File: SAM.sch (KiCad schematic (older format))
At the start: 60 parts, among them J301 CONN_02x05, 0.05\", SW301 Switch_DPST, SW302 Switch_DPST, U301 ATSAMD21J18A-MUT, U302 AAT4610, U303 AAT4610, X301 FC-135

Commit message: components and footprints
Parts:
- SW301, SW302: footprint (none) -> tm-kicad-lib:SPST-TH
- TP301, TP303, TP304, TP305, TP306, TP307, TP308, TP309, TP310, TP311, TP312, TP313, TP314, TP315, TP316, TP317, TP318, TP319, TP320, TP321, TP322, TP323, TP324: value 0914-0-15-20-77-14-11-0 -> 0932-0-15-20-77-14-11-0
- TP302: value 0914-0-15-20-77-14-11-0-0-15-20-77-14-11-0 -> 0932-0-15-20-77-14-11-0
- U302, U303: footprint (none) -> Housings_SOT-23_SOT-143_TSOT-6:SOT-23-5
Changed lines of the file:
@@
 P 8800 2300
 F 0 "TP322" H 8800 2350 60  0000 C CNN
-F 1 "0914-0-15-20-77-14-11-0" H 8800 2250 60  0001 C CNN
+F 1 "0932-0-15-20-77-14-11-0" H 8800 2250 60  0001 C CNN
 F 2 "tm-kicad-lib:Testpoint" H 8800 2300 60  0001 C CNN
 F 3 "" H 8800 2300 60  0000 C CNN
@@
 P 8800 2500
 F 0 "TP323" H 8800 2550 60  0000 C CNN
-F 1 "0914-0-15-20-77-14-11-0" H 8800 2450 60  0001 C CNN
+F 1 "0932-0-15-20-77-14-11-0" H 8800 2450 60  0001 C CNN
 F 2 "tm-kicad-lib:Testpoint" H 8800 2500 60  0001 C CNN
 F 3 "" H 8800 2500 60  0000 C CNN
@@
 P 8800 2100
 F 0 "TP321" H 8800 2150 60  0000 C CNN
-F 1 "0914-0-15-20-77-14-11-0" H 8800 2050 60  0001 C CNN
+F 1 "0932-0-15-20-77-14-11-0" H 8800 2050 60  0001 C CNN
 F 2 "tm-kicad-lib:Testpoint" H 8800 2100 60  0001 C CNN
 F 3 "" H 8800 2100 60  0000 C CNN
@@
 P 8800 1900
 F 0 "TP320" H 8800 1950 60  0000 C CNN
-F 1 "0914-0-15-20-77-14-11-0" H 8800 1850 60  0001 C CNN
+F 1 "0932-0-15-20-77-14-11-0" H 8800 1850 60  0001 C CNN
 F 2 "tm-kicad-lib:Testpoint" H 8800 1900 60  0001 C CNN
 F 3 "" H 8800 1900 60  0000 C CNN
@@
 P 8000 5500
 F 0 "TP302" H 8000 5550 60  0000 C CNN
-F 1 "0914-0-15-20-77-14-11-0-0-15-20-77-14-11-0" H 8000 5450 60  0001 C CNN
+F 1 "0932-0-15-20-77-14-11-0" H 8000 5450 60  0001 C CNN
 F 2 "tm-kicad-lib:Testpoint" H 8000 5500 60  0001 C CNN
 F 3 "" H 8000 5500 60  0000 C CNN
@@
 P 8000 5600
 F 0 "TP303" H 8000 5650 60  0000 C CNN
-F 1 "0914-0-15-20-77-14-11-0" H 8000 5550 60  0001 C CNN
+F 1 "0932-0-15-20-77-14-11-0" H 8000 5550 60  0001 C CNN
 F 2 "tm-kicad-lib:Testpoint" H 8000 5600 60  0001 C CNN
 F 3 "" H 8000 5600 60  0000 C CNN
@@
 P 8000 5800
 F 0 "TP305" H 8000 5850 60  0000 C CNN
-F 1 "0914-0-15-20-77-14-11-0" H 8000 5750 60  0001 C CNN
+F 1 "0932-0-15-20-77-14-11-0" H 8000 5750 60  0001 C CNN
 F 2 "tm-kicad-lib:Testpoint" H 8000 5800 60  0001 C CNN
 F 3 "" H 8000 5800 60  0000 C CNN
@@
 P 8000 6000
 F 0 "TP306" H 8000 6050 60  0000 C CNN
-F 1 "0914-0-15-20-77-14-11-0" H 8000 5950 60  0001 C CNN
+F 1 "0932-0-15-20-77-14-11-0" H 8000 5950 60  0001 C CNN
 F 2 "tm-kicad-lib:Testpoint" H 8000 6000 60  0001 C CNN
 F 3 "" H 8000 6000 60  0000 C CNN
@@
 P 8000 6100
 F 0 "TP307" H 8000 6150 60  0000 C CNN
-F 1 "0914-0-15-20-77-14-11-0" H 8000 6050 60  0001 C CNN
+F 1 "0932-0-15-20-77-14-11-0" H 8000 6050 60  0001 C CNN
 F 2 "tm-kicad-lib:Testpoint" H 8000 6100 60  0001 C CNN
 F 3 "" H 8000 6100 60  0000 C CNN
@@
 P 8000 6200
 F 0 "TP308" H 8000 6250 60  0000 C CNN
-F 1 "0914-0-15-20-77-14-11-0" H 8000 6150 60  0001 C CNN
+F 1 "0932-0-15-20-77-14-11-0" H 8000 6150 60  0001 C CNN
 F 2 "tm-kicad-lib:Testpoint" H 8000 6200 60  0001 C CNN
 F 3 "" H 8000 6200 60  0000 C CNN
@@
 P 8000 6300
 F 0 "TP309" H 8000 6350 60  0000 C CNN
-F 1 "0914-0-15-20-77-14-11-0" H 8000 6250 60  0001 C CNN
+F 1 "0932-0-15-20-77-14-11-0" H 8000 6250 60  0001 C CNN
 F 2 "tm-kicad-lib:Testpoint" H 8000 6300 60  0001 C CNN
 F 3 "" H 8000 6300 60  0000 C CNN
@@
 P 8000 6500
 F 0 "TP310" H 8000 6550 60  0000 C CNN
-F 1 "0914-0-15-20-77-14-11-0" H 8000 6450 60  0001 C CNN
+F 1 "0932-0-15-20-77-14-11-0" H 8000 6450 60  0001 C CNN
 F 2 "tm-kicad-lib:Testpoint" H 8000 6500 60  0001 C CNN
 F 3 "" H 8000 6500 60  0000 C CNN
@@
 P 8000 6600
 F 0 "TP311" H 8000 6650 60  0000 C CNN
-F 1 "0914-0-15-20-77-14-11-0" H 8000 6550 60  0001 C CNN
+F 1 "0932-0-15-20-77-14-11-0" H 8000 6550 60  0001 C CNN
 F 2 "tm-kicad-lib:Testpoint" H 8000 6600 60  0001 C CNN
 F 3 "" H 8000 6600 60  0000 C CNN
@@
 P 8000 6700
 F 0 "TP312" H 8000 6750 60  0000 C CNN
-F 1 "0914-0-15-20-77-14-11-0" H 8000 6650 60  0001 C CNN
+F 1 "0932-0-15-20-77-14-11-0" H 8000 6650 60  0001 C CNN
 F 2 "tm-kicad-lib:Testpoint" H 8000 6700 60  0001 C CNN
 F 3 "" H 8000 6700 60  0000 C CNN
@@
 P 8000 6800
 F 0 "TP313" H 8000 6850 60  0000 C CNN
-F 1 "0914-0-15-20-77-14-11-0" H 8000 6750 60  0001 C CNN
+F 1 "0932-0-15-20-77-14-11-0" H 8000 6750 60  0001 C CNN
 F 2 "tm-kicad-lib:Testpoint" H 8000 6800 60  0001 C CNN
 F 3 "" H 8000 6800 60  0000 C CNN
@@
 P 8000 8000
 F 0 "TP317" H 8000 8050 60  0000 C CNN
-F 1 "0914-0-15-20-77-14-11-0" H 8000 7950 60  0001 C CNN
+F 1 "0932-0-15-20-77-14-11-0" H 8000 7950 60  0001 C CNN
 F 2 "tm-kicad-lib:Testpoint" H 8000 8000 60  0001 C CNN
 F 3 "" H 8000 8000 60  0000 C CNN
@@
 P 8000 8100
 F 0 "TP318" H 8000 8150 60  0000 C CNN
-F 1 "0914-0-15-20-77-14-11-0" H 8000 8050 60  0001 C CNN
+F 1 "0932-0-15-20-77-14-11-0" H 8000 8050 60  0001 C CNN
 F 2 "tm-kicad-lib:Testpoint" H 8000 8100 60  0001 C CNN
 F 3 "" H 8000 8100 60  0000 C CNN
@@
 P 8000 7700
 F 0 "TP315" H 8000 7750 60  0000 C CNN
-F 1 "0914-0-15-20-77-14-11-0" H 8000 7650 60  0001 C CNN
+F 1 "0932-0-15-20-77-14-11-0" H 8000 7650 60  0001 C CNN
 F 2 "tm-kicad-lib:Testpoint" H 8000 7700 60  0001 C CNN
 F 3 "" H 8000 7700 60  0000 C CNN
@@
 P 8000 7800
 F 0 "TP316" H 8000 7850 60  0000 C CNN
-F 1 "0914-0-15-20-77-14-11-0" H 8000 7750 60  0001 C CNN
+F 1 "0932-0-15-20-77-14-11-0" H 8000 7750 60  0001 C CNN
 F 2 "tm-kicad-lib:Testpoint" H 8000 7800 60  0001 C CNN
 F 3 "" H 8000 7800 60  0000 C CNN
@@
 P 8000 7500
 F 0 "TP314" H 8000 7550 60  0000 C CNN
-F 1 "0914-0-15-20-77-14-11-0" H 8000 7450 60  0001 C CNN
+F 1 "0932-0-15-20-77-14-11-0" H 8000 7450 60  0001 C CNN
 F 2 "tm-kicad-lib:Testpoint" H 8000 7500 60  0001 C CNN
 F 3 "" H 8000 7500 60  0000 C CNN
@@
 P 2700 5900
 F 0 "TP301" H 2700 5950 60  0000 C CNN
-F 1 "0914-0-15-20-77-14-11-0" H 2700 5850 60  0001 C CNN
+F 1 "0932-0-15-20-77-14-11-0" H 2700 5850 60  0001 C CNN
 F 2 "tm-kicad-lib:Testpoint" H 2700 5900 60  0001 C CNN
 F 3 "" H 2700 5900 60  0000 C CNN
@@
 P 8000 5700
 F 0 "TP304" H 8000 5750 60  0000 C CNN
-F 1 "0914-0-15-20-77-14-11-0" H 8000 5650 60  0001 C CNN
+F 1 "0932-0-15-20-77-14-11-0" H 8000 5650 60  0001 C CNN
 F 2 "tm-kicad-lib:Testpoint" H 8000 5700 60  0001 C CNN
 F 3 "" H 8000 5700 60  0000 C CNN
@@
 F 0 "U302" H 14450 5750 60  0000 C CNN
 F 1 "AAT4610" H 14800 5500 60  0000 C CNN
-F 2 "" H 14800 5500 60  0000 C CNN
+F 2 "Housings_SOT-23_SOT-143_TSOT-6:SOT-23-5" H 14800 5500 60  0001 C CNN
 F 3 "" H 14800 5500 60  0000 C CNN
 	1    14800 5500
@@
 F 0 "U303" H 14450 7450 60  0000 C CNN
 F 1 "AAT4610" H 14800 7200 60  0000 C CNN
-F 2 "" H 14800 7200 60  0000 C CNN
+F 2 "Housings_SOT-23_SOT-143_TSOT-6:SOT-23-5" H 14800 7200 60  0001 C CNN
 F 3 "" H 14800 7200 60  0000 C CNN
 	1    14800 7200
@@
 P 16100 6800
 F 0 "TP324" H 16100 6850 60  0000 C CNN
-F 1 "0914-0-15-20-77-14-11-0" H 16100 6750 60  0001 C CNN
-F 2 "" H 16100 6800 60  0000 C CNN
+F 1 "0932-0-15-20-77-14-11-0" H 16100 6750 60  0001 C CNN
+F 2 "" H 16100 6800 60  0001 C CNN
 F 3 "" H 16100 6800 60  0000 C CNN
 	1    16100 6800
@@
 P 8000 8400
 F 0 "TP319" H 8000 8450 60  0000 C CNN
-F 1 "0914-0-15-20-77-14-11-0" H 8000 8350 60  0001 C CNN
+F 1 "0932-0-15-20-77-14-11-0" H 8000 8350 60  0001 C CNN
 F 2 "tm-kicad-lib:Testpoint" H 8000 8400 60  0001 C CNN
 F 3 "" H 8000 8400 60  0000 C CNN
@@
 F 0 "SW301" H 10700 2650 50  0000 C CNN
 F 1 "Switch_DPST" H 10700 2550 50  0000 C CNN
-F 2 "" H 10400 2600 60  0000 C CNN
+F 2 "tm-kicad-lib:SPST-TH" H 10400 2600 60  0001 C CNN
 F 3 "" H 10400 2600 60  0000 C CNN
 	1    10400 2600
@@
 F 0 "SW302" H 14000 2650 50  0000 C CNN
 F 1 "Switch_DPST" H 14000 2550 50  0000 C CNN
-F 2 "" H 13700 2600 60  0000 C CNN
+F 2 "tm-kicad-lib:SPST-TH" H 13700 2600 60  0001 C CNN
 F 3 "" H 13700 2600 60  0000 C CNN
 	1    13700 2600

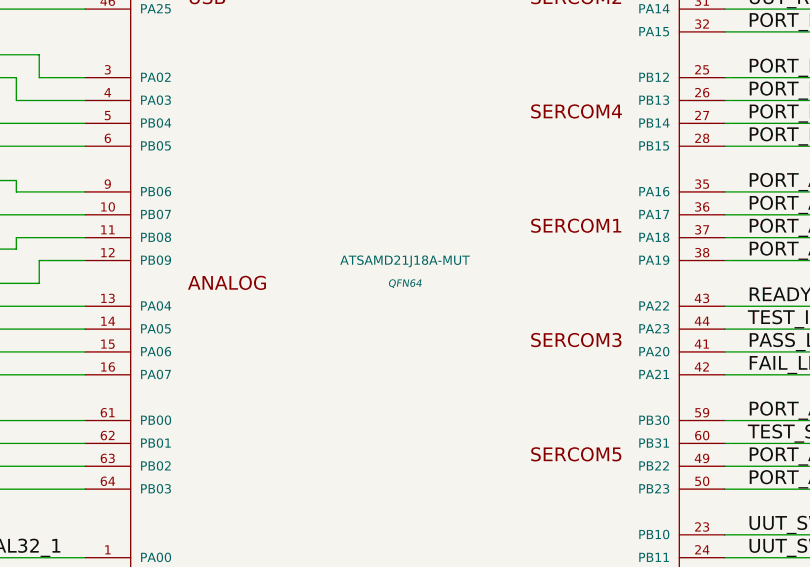
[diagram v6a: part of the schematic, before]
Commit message: swapped testpoints
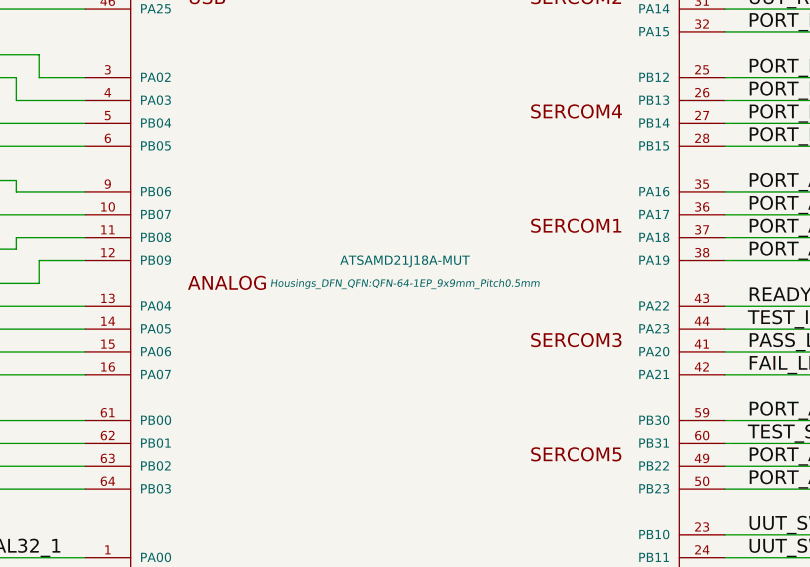
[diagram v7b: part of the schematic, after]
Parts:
- TP301, TP302, TP303, TP304, TP305, TP306, TP307, TP308, TP309, TP310, TP311, TP312, TP313, TP314, TP315, TP316, TP317, TP318, TP319, TP320, TP321, TP322, TP323: footprint tm-kicad-lib:Testpoint -> tm-kicad-lib:0932-0-15-20-77-14-11-0
- TP324: footprint (none) -> tm-kicad-lib:0932-0-15-20-77-14-11-0
- U301: footprint QFN64 -> Housings_DFN_QFN:QFN-64-1EP_9x9mm_Pitch0.5mm
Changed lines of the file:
@@
 F 0 "TP322" H 8800 2350 60  0000 C CNN
 F 1 "0932-0-15-20-77-14-11-0" H 8800 2250 60  0001 C CNN
-F 2 "tm-kicad-lib:Testpoint" H 8800 2300 60  0001 C CNN
+F 2 "tm-kicad-lib:0932-0-15-20-77-14-11-0" H 8800 2300 60  0001 C CNN
 F 3 "" H 8800 2300 60  0000 C CNN
 	1    8800 2300
@@
 F 0 "TP323" H 8800 2550 60  0000 C CNN
 F 1 "0932-0-15-20-77-14-11-0" H 8800 2450 60  0001 C CNN
-F 2 "tm-kicad-lib:Testpoint" H 8800 2500 60  0001 C CNN
+F 2 "tm-kicad-lib:0932-0-15-20-77-14-11-0" H 8800 2500 60  0001 C CNN
 F 3 "" H 8800 2500 60  0000 C CNN
 	1    8800 2500
@@
 F 0 "TP321" H 8800 2150 60  0000 C CNN
 F 1 "0932-0-15-20-77-14-11-0" H 8800 2050 60  0001 C CNN
-F 2 "tm-kicad-lib:Testpoint" H 8800 2100 60  0001 C CNN
+F 2 "tm-kicad-lib:0932-0-15-20-77-14-11-0" H 8800 2100 60  0001 C CNN
 F 3 "" H 8800 2100 60  0000 C CNN
 	1    8800 2100
@@
 F 0 "TP320" H 8800 1950 60  0000 C CNN
 F 1 "0932-0-15-20-77-14-11-0" H 8800 1850 60  0001 C CNN
-F 2 "tm-kicad-lib:Testpoint" H 8800 1900 60  0001 C CNN
+F 2 "tm-kicad-lib:0932-0-15-20-77-14-11-0" H 8800 1900 60  0001 C CNN
 F 3 "" H 8800 1900 60  0000 C CNN
 	1    8800 1900
@@
 F 0 "U301" H 4200 8850 40  0000 C CNN
 F 1 "ATSAMD21J18A-MUT" H 5300 6800 40  0000 C CNN
-F 2 "QFN64" H 5300 6700 32  0000 C CIN
+F 2 "Housings_DFN_QFN:QFN-64-1EP_9x9mm_Pitch0.5mm" H 5300 6700 32  0000 C CIN
 F 3 "" H 4100 6450 60  0000 C CNN
 	1    5300 6800
@@
 F 0 "TP302" H 8000 5550 60  0000 C CNN
 F 1 "0932-0-15-20-77-14-11-0" H 8000 5450 60  0001 C CNN
-F 2 "tm-kicad-lib:Testpoint" H 8000 5500 60  0001 C CNN
+F 2 "tm-kicad-lib:0932-0-15-20-77-14-11-0" H 8000 5500 60  0001 C CNN
 F 3 "" H 8000 5500 60  0000 C CNN
 	1    8000 5500
@@
 F 0 "TP303" H 8000 5650 60  0000 C CNN
 F 1 "0932-0-15-20-77-14-11-0" H 8000 5550 60  0001 C CNN
-F 2 "tm-kicad-lib:Testpoint" H 8000 5600 60  0001 C CNN
+F 2 "tm-kicad-lib:0932-0-15-20-77-14-11-0" H 8000 5600 60  0001 C CNN
 F 3 "" H 8000 5600 60  0000 C CNN
 	1    8000 5600
@@
 F 0 "TP305" H 8000 5850 60  0000 C CNN
 F 1 "0932-0-15-20-77-14-11-0" H 8000 5750 60  0001 C CNN
-F 2 "tm-kicad-lib:Testpoint" H 8000 5800 60  0001 C CNN
+F 2 "tm-kicad-lib:0932-0-15-20-77-14-11-0" H 8000 5800 60  0001 C CNN
 F 3 "" H 8000 5800 60  0000 C CNN
 	1    8000 5800
@@
 F 0 "TP306" H 8000 6050 60  0000 C CNN
 F 1 "0932-0-15-20-77-14-11-0" H 8000 5950 60  0001 C CNN
-F 2 "tm-kicad-lib:Testpoint" H 8000 6000 60  0001 C CNN
+F 2 "tm-kicad-lib:0932-0-15-20-77-14-11-0" H 8000 6000 60  0001 C CNN
 F 3 "" H 8000 6000 60  0000 C CNN
 	1    8000 6000
@@
 F 0 "TP307" H 8000 6150 60  0000 C CNN
 F 1 "0932-0-15-20-77-14-11-0" H 8000 6050 60  0001 C CNN
-F 2 "tm-kicad-lib:Testpoint" H 8000 6100 60  0001 C CNN
+F 2 "tm-kicad-lib:0932-0-15-20-77-14-11-0" H 8000 6100 60  0001 C CNN
 F 3 "" H 8000 6100 60  0000 C CNN
 	1    8000 6100
@@
 F 0 "TP308" H 8000 6250 60  0000 C CNN
 F 1 "0932-0-15-20-77-14-11-0" H 8000 6150 60  0001 C CNN
-F 2 "tm-kicad-lib:Testpoint" H 8000 6200 60  0001 C CNN
+F 2 "tm-kicad-lib:0932-0-15-20-77-14-11-0" H 8000 6200 60  0001 C CNN
 F 3 "" H 8000 6200 60  0000 C CNN
 	1    8000 6200
@@
 F 0 "TP309" H 8000 6350 60  0000 C CNN
 F 1 "0932-0-15-20-77-14-11-0" H 8000 6250 60  0001 C CNN
-F 2 "tm-kicad-lib:Testpoint" H 8000 6300 60  0001 C CNN
+F 2 "tm-kicad-lib:0932-0-15-20-77-14-11-0" H 8000 6300 60  0001 C CNN
 F 3 "" H 8000 6300 60  0000 C CNN
 	1    8000 6300
@@
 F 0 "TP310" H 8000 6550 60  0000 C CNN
-=-=-
> _WHAT IS REQUIRED_:
Each line from the top of the material above through the line with "0914-0-15-20-77-14-11-0 -> 0932-0-15-20-77-14-11-0" must be echoed exactly, and no other line.

> _RESULT_:
File: SAM.sch (KiCad schematic (older format))
At the start: 60 parts, among them J301 CONN_02x05, 0.05\", SW301 Switch_DPST, SW302 Switch_DPST, U301 ATSAMD21J18A-MUT, U302 AAT4610, U303 AAT4610, X301 FC-135

Commit message: components and footprints
Parts:
- SW301, SW302: footprint (none) -> tm-kicad-lib:SPST-TH
- TP301, TP303, TP304, TP305, TP306, TP307, TP308, TP309, TP310, TP311, TP312, TP313, TP314, TP315, TP316, TP317, TP318, TP319, TP320, TP321, TP322, TP323, TP324: value 0914-0-15-20-77-14-11-0 -> 0932-0-15-20-77-14-11-0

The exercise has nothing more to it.